▽

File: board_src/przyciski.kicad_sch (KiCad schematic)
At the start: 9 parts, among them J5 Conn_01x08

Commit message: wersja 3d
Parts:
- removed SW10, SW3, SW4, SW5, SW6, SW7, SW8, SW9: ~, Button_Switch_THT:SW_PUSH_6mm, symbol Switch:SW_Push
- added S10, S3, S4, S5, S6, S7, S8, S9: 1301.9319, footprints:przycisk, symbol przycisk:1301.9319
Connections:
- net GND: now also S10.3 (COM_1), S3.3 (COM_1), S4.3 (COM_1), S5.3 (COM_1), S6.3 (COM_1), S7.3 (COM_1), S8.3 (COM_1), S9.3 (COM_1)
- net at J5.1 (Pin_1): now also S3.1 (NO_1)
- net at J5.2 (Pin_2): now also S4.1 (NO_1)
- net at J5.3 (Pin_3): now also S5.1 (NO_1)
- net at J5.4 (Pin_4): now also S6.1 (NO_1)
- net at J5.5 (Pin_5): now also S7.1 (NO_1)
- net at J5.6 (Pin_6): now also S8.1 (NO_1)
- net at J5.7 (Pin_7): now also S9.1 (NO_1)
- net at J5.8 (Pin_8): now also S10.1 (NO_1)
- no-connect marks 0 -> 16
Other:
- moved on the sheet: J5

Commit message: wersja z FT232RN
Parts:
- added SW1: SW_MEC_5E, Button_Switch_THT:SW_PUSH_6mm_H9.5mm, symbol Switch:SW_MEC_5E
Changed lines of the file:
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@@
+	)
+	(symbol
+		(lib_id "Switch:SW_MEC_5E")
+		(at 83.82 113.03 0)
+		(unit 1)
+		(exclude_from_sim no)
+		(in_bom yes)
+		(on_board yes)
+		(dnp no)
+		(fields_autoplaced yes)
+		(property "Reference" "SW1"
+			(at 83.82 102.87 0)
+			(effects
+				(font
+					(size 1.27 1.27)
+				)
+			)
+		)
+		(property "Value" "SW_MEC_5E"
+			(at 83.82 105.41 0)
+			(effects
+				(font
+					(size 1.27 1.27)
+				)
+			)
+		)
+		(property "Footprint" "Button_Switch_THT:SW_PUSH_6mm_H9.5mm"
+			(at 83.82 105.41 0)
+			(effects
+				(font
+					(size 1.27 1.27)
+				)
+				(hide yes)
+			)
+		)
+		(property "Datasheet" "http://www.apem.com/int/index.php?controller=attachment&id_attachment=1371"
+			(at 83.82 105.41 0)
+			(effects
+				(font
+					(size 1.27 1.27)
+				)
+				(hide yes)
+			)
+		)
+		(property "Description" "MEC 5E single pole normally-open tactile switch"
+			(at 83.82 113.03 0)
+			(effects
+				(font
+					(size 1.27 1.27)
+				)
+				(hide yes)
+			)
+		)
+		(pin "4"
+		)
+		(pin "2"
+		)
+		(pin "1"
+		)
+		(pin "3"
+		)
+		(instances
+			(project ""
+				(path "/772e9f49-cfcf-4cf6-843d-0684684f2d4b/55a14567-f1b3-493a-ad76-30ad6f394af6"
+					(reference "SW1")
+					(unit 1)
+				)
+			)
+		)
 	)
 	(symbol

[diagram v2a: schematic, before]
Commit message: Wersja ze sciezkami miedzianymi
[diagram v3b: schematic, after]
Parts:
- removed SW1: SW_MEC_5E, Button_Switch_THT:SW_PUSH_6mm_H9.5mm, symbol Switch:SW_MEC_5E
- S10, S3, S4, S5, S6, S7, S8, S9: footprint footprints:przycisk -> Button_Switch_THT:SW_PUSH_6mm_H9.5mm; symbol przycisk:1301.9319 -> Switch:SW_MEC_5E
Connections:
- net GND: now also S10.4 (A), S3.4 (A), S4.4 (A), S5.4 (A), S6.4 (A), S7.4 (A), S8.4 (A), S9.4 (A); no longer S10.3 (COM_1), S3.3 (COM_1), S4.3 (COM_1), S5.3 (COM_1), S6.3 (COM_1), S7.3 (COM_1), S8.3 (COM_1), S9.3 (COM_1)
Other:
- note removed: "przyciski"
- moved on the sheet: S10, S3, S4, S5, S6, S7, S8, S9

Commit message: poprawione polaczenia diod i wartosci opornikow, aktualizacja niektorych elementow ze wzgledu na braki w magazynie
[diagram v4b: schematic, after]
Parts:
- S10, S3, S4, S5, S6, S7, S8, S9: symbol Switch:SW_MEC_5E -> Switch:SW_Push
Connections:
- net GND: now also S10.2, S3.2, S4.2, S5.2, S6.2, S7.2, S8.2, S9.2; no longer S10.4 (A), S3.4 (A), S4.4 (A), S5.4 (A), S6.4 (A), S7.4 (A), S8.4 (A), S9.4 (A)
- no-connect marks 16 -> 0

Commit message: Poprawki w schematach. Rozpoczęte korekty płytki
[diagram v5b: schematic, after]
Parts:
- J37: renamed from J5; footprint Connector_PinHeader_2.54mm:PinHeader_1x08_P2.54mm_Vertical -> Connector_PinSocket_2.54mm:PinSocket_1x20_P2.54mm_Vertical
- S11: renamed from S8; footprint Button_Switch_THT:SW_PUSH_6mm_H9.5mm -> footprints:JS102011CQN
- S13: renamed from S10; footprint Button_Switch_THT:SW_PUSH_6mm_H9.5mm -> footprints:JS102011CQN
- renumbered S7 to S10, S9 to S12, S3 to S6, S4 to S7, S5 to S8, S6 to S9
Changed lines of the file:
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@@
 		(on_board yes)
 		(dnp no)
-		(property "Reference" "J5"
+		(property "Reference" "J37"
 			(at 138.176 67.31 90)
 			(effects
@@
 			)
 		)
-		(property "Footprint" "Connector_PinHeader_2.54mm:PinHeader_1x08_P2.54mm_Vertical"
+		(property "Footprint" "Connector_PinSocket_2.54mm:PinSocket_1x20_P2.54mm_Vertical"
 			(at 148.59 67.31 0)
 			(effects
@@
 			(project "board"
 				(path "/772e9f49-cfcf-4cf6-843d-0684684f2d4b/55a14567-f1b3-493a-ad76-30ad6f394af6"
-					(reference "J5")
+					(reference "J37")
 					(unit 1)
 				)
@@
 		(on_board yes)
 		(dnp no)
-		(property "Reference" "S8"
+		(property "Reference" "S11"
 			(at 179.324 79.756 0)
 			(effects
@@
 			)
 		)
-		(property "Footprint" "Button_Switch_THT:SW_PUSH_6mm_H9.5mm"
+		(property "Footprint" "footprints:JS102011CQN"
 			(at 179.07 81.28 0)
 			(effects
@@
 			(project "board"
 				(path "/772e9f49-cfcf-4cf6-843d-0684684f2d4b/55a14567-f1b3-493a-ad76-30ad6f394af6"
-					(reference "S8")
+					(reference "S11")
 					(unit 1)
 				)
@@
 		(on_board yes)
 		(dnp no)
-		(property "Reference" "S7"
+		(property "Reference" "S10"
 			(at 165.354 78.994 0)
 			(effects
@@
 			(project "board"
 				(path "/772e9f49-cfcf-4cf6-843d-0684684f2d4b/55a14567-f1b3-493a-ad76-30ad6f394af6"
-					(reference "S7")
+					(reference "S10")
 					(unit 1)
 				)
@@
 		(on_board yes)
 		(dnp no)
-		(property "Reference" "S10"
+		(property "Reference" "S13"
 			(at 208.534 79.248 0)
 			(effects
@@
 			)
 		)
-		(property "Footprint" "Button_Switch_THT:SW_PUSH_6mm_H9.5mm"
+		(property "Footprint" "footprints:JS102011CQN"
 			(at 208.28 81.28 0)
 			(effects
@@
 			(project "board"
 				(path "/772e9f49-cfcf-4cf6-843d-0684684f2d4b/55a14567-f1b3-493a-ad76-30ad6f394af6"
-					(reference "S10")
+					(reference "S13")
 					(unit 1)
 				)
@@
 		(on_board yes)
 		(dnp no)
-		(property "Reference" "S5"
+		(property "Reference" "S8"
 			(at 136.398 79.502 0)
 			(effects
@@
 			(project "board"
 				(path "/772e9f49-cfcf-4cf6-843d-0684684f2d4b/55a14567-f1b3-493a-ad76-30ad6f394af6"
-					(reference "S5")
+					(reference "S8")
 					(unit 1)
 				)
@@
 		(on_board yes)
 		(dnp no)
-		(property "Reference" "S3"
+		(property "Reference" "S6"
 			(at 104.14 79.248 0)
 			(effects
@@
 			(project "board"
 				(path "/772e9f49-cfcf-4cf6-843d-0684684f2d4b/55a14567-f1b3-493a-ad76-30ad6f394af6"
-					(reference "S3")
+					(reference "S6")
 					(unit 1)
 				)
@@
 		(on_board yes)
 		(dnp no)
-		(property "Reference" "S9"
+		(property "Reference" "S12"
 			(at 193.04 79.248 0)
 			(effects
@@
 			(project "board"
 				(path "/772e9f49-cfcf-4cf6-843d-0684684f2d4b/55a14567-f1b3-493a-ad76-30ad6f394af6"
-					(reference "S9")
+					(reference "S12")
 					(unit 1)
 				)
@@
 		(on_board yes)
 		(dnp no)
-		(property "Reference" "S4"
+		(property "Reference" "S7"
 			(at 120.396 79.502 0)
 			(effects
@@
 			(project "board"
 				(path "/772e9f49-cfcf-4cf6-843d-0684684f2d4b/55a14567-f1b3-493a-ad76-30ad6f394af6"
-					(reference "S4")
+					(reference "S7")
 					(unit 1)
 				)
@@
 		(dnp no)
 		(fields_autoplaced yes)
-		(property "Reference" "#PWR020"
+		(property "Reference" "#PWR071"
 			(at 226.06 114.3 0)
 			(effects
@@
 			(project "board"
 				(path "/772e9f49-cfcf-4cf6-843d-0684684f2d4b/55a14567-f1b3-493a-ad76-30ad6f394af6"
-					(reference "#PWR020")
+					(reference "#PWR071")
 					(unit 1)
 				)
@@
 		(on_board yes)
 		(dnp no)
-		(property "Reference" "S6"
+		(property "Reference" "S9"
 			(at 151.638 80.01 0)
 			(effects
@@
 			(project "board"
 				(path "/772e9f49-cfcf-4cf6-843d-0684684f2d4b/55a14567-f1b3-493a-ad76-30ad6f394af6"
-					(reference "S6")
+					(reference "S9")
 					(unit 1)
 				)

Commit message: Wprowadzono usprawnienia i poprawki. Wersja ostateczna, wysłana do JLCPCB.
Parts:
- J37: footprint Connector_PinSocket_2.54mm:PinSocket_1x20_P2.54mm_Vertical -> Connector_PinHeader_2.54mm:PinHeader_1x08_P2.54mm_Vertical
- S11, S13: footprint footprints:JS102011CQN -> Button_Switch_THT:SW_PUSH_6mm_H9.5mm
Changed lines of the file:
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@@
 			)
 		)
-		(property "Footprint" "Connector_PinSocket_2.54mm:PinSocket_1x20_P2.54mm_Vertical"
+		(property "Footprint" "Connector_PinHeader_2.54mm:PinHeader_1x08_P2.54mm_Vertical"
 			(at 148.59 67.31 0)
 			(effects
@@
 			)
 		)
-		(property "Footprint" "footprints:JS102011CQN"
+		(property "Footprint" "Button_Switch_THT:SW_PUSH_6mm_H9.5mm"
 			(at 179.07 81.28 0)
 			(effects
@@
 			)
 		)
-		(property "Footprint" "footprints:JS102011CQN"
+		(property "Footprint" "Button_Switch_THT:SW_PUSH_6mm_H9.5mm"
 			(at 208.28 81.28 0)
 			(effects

△

• **WHAT YOU ARE ASKED TO DO**:
Look through the material above and pick out each line holding the word "marks".

• **EXPECTED ANSWER**:
- no-connect marks 0 -> 16
- no-connect marks 16 -> 0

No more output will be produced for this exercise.